Liebe Freunde des OSM,
wie in der letzten Woche versprochen, machen wir dieses Mal eine ordentlich weit zurück reichende Zeitreise. Wohin? Nach Ägypten, das Land am Nil. Es ist, leider, muss man konstatieren, ein sehr, SEHR kurzweiliges Vergnügen … aber wer sich auf die Details fokussiert, die hier prachtvoll in Szene gesetzt sind und mit Witz und Intelligenz dargestellt werden, der kommt fraglos voll auf seine Kosten.
Denn wie ich das anno 2020 tat, als ich dieses Buch im Handumdrehen verschlang – dafür eignet es sich wirklich bestens, und das ist durchaus altersunabhängig – , so verläuft man sich schnell in den unzähligen kleinen Einzelheiten. Man sollte zum einen natürlich auf den magischen Pelikan achten, der die Jahrtausende als Zeit-Scout durchfliegt und jede Menge Ärger verursacht.

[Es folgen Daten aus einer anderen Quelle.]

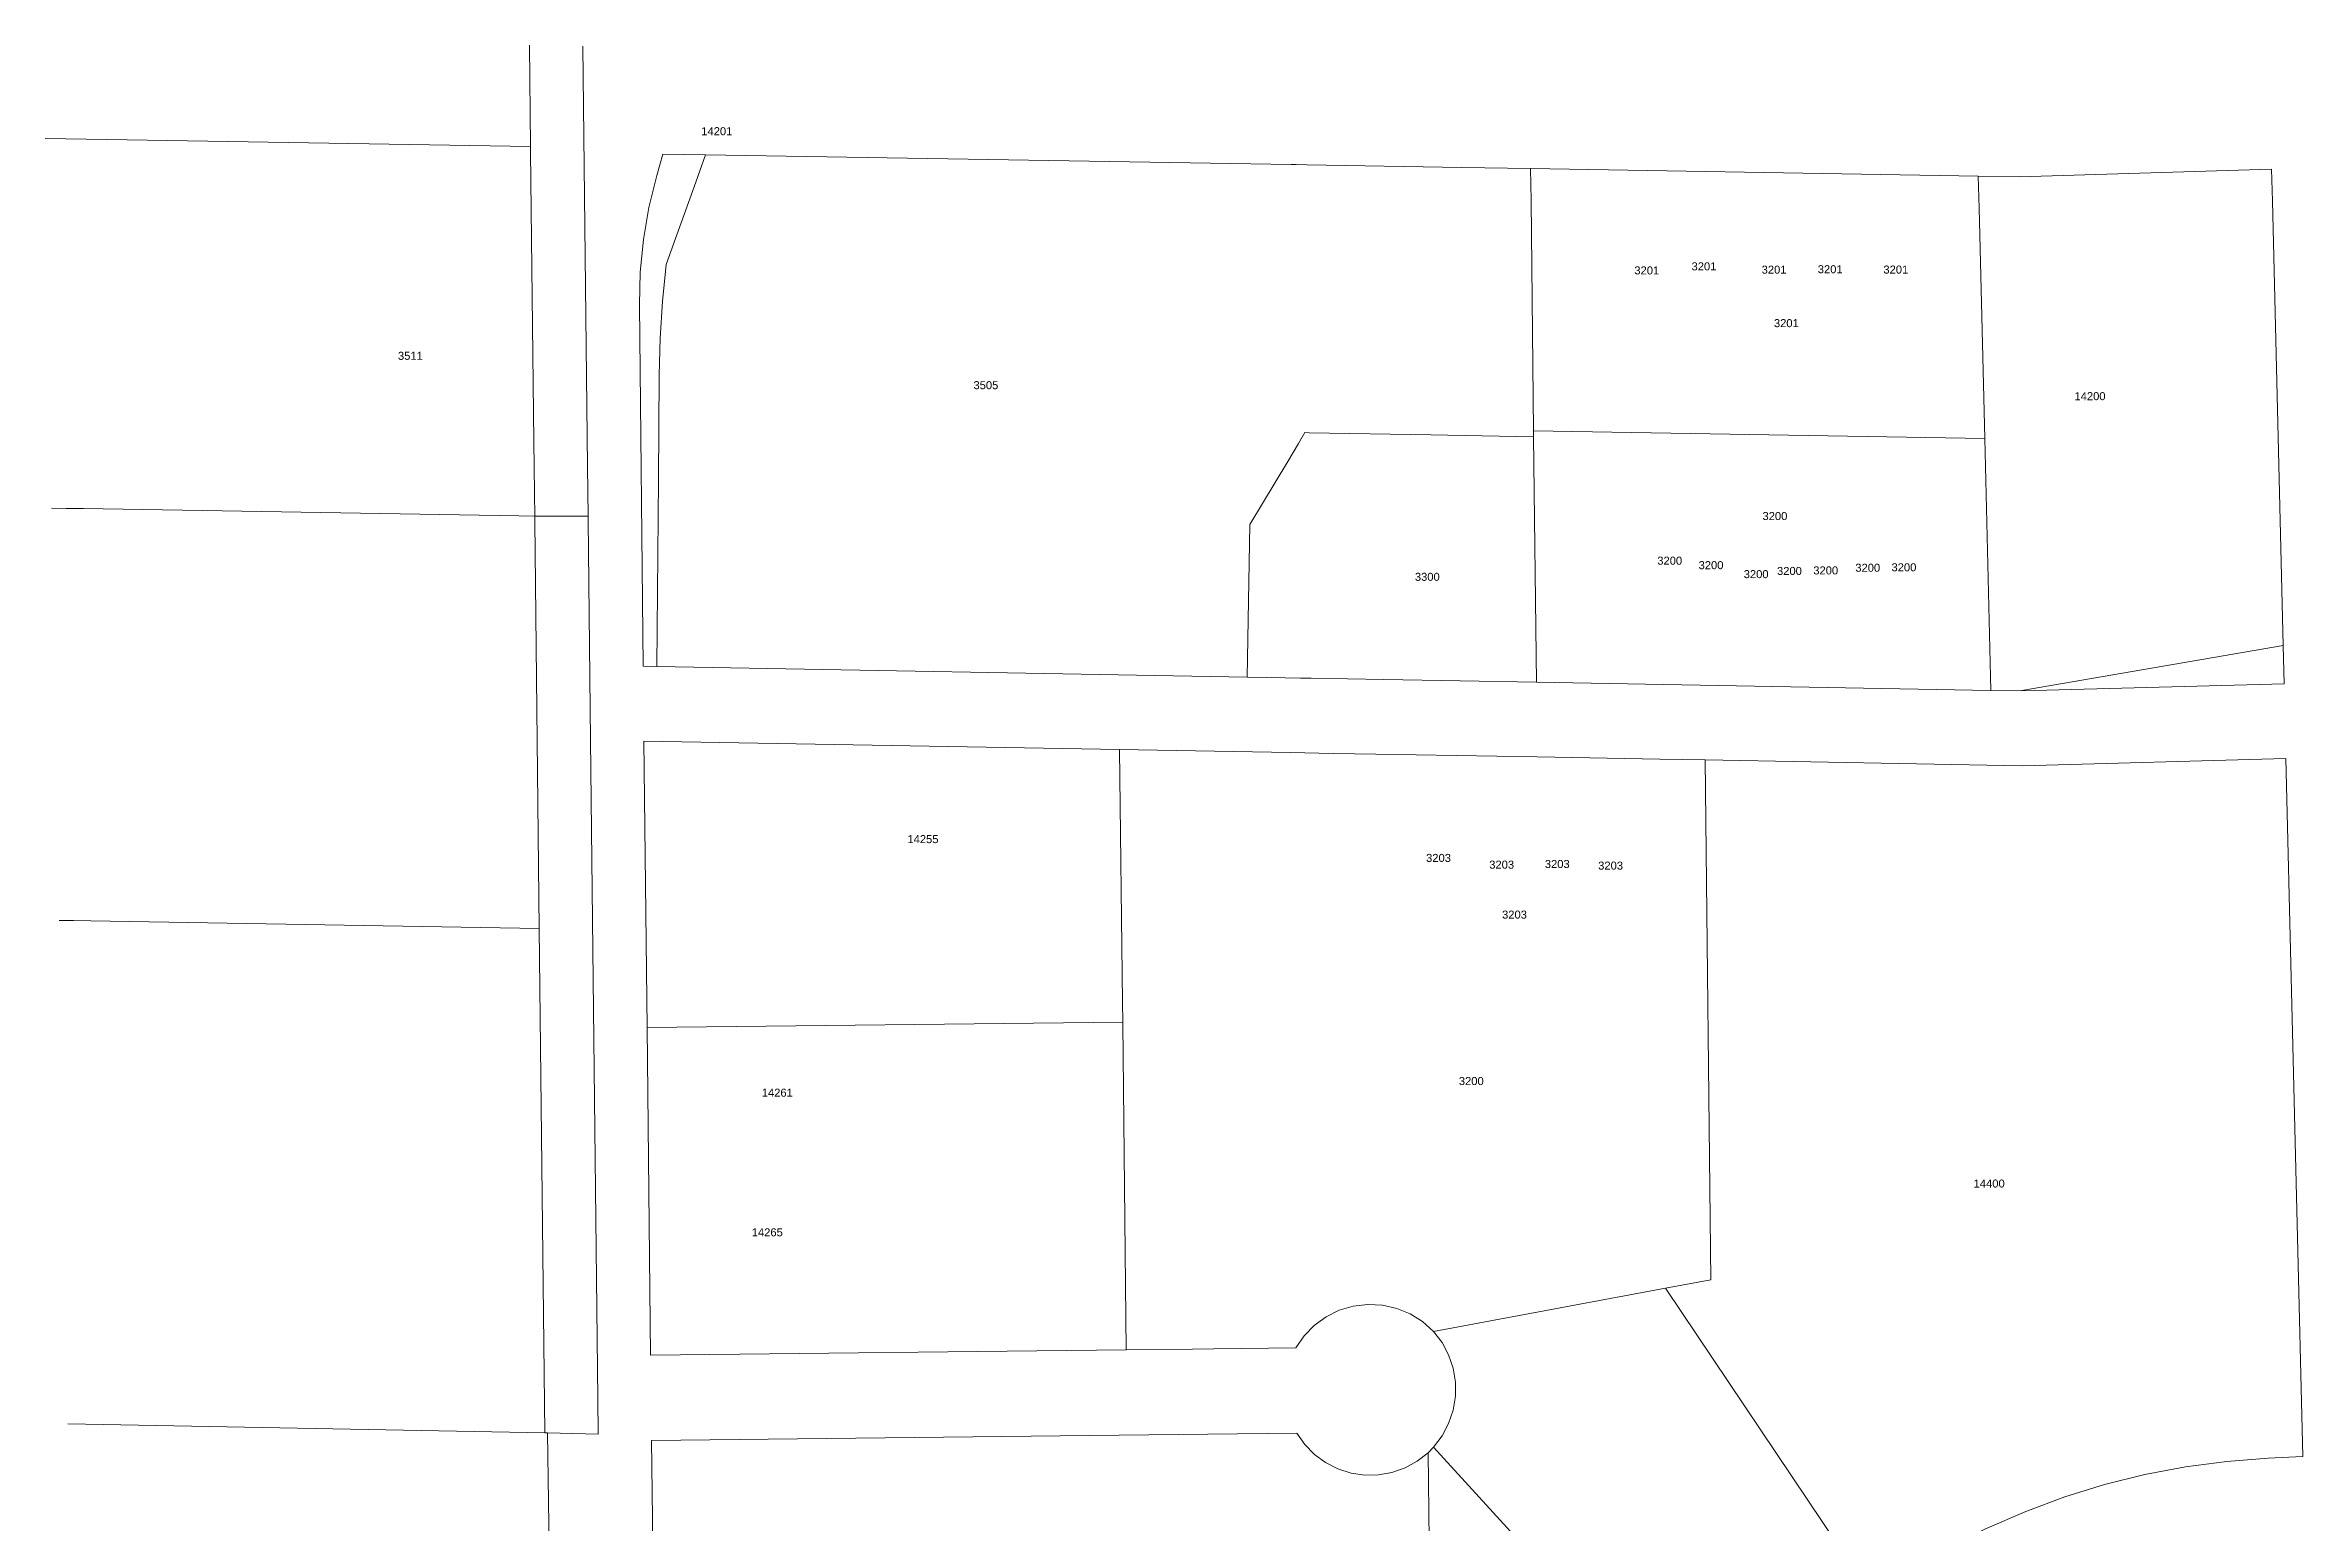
# Model space of a CAD drawing. Header units: feet. Extents: x 865220 to 5618803, y -2240498 to 1935234.
# Drawn here: x 2799912 to 2802028, y 964032 to 965417 of the extents above; entities that cross this region are included whole.
import ezdxf
from ezdxf.enums import TextEntityAlignment as Align

# ---------------------------------------------------------------- set-up
doc = ezdxf.new("R2010")
doc.units = ezdxf.units.FT
doc.header["$LTSCALE"] = 0.015
doc.header["$MEASUREMENT"] = 0
doc.layers.add('Dakota County Addresses', color=7, linetype='Continuous')
doc.layers.add('Dakota County Parcels', color=7, linetype='Continuous')
doc.styles.add('Dimensions 100', font='arial.ttf')

# ---------------------------------------------------------------- blocks, each defined once
blk = doc.blocks.new('ACMAP_ANN_TEMPLATE_Dakota County Addresses')
at = {"layer": 'Dakota County Addresses', "style": 'Dimensions 100'}
blk.add_attdef('DakotaCountyAddress', text='', height=50, dxfattribs=at).set_placement((0, 0), align=Align.CENTER)

msp = doc.modelspace()

# ---------------------------------------------------------------- linework, layer by layer
at = {"layer": 'Dakota County Parcels', "lineweight": 5}
for p, q in [((2800367.1, 965321.5), (2800366, 965416.5)), ((2800485.3, 965294.3), (2800491.1, 965314.4)), ((2800491.1, 965314.4), (2800531.1, 965313.8)), ((2800531.1, 965313.8), (2801080, 965304.6)), ((2801080, 965304.6), (2801084.7, 965304.6)), ((2801084.7, 965304.6), (2801094.7, 965304.4)), ((2801094.7, 965304.4), (2801239.9, 965302)), ((2801239.9, 965302), (2801304.3, 965300.9)), ((2801304.3, 965300.9), (2801723.9, 965293.9)), ((2801723.9, 965293.9), (2801762.3, 965293.3)), ((2801998.8, 965300.5), (2801762.3, 965293.3)), ((2800472.5, 964834.8), (2800469.2, 965173.3)), ((2801307, 965055.4), (2801729.9, 965048.1)), ((2801307, 965055.4), (2801307.1, 965049.7)), ((2801307.1, 965049.7), (2801309.7, 964819.8)), ((2801735.6, 964812.2), (2801729.9, 965048.1)), ((2800370.9, 964975.3), (2800371.7, 964975.3)), ((2800371.7, 964975.3), (2800420.9, 964975.2)), ((2801038.7, 964824.6), (2801041.3, 964967.6)), ((2802009.6, 964854.3), (2801764.7, 964812.2)), ((2802010.5, 964818.3), (2802009.6, 964854.3)), ((2800472.5, 964834.8), (2800485.4, 964834.5)), ((2800485.4, 964834.5), (2801038.7, 964824.6)), ((2801735.6, 964812.2), (2801309.7, 964819.8)), ((2801764.7, 964811.7), (2801735.6, 964812.2)), ((2802010.5, 964818.3), (2801764.7, 964811.7)), ((2800473.2, 964764.7), (2800919.1, 964756.8)), ((2801310.4, 964749.8), (2801425.3, 964747.7)), ((2801425.3, 964747.7), (2801467.8, 964747)), ((2801467.8, 964747), (2801765, 964741.6)), ((2801473.2, 964260), (2801467.8, 964747)), ((2801765, 964741.6), (2802012.2, 964748.4)), ((2802012.2, 964748.4), (2802028.1, 964094.7)), ((2800380.4, 964116.7), (2800375.2, 964589.2)), ((2800476.2, 964496.5), (2800922, 964501.5)), ((2800479.6, 964189.6), (2800476.2, 964496.5)), ((2801430.8, 964252.1), (2801473.2, 964260)), ((2801213.4, 964211.8), (2801430.8, 964252.1)), ((2801430.8, 964252.1), (2801624, 963964.5)), ((2800479.6, 964189.6), (2800925.4, 964194.5)), ((2799933.4, 964125.3), (2800380.4, 964116.7)), ((2800380.4, 964116.7), (2800383, 964116.7)), ((2800385.7, 963911.8), (2800383, 964116.7)), ((2800383, 964116.7), (2800430.4, 964115.6)), ((2800480.5, 964109.6), (2800891, 964114.1)), ((2800484.4, 963760.9), (2800480.5, 964109.6)), ((2800891, 964114.1), (2801085.3, 964116.3)), ((2801208.2, 964098.1), (2801213.4, 964103.4)), ((2801212.2, 963738.3), (2801208.2, 964098.1)), ((2801213.4, 964103.4), (2801473, 963819.5)), ((2802028.1, 964094.7), (2801995.5, 964093.1))]:
    msp.add_line(p, q, dxfattribs=at)
for points in [[(2800420.9, 964975.2), (2800420.4, 965021.8), (2800416, 965415.7)], [(2799912.1, 965329.1), (2799969.9, 965328.1), (2800367.1, 965321.5)], [(2800370.9, 964975.3), (2800370.7, 964996.7), (2800370.4, 965021.7), (2800370.1, 965045.4), (2800367.1, 965316.5), (2800367.1, 965321.5)], [(2800494.2, 965211), (2800503, 965235.5), (2800520.4, 965283.9), (2800531.1, 965313.8)], [(2800485.3, 965294.3), (2800478, 965264.6), (2800472.8, 965234.4), (2800469.9, 965203.9), (2800469.2, 965173.3)], [(2801304.3, 965300.9), (2801304.7, 965270.9), (2801307, 965055.4)], [(2801729.9, 965048.1), (2801724.6, 965263.9), (2801723.9, 965293.9)], [(2802009.6, 964854.3), (2801999.5, 965270.5), (2801998.8, 965300.5)], [(2800487.7, 965107.4), (2800488.6, 965142), (2800490.8, 965176.5), (2800494.2, 965211)], [(2800485.4, 964834.5), (2800486.9, 965009.5), (2800487.7, 965107.4)], [(2801041.3, 964967.6), (2801076.7, 965026.6), (2801086.8, 965043.5), (2801092.8, 965053.6)], [(2801092.8, 965053.6), (2801096.7, 965053.5), (2801210.8, 965051.5), (2801307.1, 965049.7)], [(2800370.9, 964975.3), (2800355.9, 964975.6), (2799948.1, 964982.4), (2799931.8, 964982.6), (2799918.1, 964982.9)], [(2800375.2, 964589.2), (2800371, 964970.3), (2800370.9, 964975.3)], [(2800430.4, 964115.6), (2800430.1, 964149), (2800423.2, 964765.6), (2800420.9, 964971.8), (2800420.9, 964975.2)], [(2801038.7, 964824.6), (2801074.2, 964824), (2801088.6, 964823.7), (2801098.6, 964823.6), (2801166.8, 964822.3), (2801309.7, 964819.8)], [(2800476.2, 964496.5), (2800473.2, 964764.7), (2800473.2, 964764.7)], [(2800919.1, 964756.8), (2801079.2, 964753.9), (2801119.2, 964753.2)], [(2800922, 964501.5), (2800921.8, 964520), (2800919.1, 964756.8)], [(2801119.2, 964753.2), (2801159.2, 964752.5), (2801310.4, 964749.8)], [(2799925.1, 964596.7), (2799938.7, 964596.5), (2799954.9, 964596.2), (2800375.2, 964589.2)], [(2800925.4, 964194.5), (2800922, 964500), (2800922, 964501.5)], [(2801213.4, 964211.8), (2801203.1, 964220.9), (2801191.4, 964228.1), (2801178.8, 964233.2), (2801165.4, 964236.2), (2801151.7, 964236.9), (2801138.1, 964235.3), (2801125, 964231.6)], [(2801125, 964231.6), (2801112.7, 964225.5), (2801101.6, 964217.4), (2801092.1, 964207.6), (2801084.4, 964196.3)], [(2800925.4, 964194.5), (2800987.4, 964195.2), (2801007.4, 964195.4), (2801084.4, 964196.3)], [(2801213.4, 964103.4), (2801221.3, 964113.9), (2801227.5, 964125.5), (2801231.7, 964138), (2801233.8, 964151), (2801233.8, 964164.2), (2801231.7, 964177.2), (2801227.5, 964189.7), (2801221.3, 964201.3), (2801213.4, 964211.8)], [(2801085.3, 964116.3), (2801092.7, 964105.7), (2801101.8, 964096.5), (2801112.2, 964088.9), (2801123.7, 964083.1), (2801136, 964079.1), (2801148.8, 964077.2), (2801161.7, 964077.4), (2801174.4, 964079.7), (2801186.6, 964084), (2801198, 964090.2), (2801208.2, 964098.1)], [(2801995.5, 964093.1), (2801956.7, 964090), (2801918.1, 964084.8), (2801879.9, 964077.6), (2801842.1, 964068.2), (2801804.9, 964056.7), (2801768.4, 964043.2)], [(2801768.4, 964043.2), (2801730.6, 964026.7), (2801693.9, 964008.1), (2801658.3, 963987.3), (2801624, 963964.5)]]:
    msp.add_lwpolyline(points, dxfattribs=at)

# ---------------------------------------------------------------- block references
at = {"layer": 'Dakota County Addresses', "lineweight": 5, "xscale": 0.15, "yscale": 0.15, "zscale": 0.15}
for p, values in [((2800541.6, 965332.2), {'DakotaCountyAddress': '14201'}), ((2801413.2, 965201.8), {'DakotaCountyAddress': '3201'}), ((2801466.8, 965205.6), {'DakotaCountyAddress': '3201'}), ((2801532.5, 965202.5), {'DakotaCountyAddress': '3201'}), ((2801585.1, 965202.9), {'DakotaCountyAddress': '3201'}), ((2801646.6, 965202.6), {'DakotaCountyAddress': '3201'}), ((2801544, 965152.4), {'DakotaCountyAddress': '3201'}), ((2800254.4, 965121.8), {'DakotaCountyAddress': '3511'}), ((2800793.8, 965094.3), {'DakotaCountyAddress': '3505'}), ((2801828.6, 965084), {'DakotaCountyAddress': '14200'}), ((2801533.3, 964971.7), {'DakotaCountyAddress': '3200'}), ((2801434.7, 964929.9), {'DakotaCountyAddress': '3200'}), ((2801473.4, 964925.7), {'DakotaCountyAddress': '3200'}), ((2801207.5, 964914.8), {'DakotaCountyAddress': '3300'}), ((2801515.7, 964917.3), {'DakotaCountyAddress': '3200'}), ((2801546.9, 964920.3), {'DakotaCountyAddress': '3200'}), ((2801580.9, 964920.8), {'DakotaCountyAddress': '3200'}), ((2801620.3, 964923.3), {'DakotaCountyAddress': '3200'}), ((2801654.2, 964923.7), {'DakotaCountyAddress': '3200'}), ((2800734.8, 964669.1), {'DakotaCountyAddress': '14255'}), ((2801218, 964651.5), {'DakotaCountyAddress': '3203'}), ((2801277.2, 964645.2), {'DakotaCountyAddress': '3203'}), ((2801329.3, 964645.8), {'DakotaCountyAddress': '3203'}), ((2801379.3, 964644.3), {'DakotaCountyAddress': '3203'}), ((2801289.2, 964598.4), {'DakotaCountyAddress': '3203'}), ((2801248.7, 964442.5), {'DakotaCountyAddress': '3200'}), ((2800598.3, 964431.6), {'DakotaCountyAddress': '14261'}), ((2801734.1, 964346.5), {'DakotaCountyAddress': '14400'}), ((2800588.9, 964300.8), {'DakotaCountyAddress': '14265'})]:
    msp.add_blockref('ACMAP_ANN_TEMPLATE_Dakota County Addresses', p, dxfattribs=at).add_auto_attribs(values)

doc.saveas('drawing.dxf')

Aber auf der anderen Seite sollte man sich auch fasziniert in das Alltagsleben auf diesen farbenprächtigen, großformatigen Seiten vertiefen und Sinn für die vielen kleinen Einzelheiten haben, die das Alltagsleben der damaligen Zeitepochen akribisch und bisweilen schon fast garstig indiskret in Szene setzen.
Werfen wir mal einen Blick hinein:
Leben am Nil
Die Geschichte des längsten Flusses der Welt
(OT: Story of the Nile)
von Anne Millard, illustriert von Steve Noon
Dorling-Kindersley, München 2003
36 Seiten, gebunden
Großformat, Querformat
Übersetzt von Cornelia Panzacchi
ISBN 3-8310-0509-5
Ohne Magie geht es nicht – und das ist denn auch der Grund, warum ich diese Rezension schreibe. Sie ist gewissermaßen unvermeidbar. Ich möchte euch eine faszinierende Zufallsentdeckung vorstellen, die mir gestern in die Hände fiel, als ich den 5. Braunschweiger Antiquariatsmarkt besuchte. Eine gute Freundin reichte mir dazu kürzlich eine Einladungskarte. Auf dem Event im Braunschweigischen Landesmuseum traf ich ein paar Antiquare, die ich seit Jahren kenne und plauderte angenehm, und dann fiel mein Blick auf dieses farbenprächtige, ungewöhnlich im Format daliegende Buch. Als Querformat, deutlich doppelt A4-groß (die genauen Maße sind 27 x 35 cm) entzückte es mich auf den ersten Blick, und ich wusste, ohne es aufschlagen zu müssen: Das ist meins, das nehme ich jetzt mit!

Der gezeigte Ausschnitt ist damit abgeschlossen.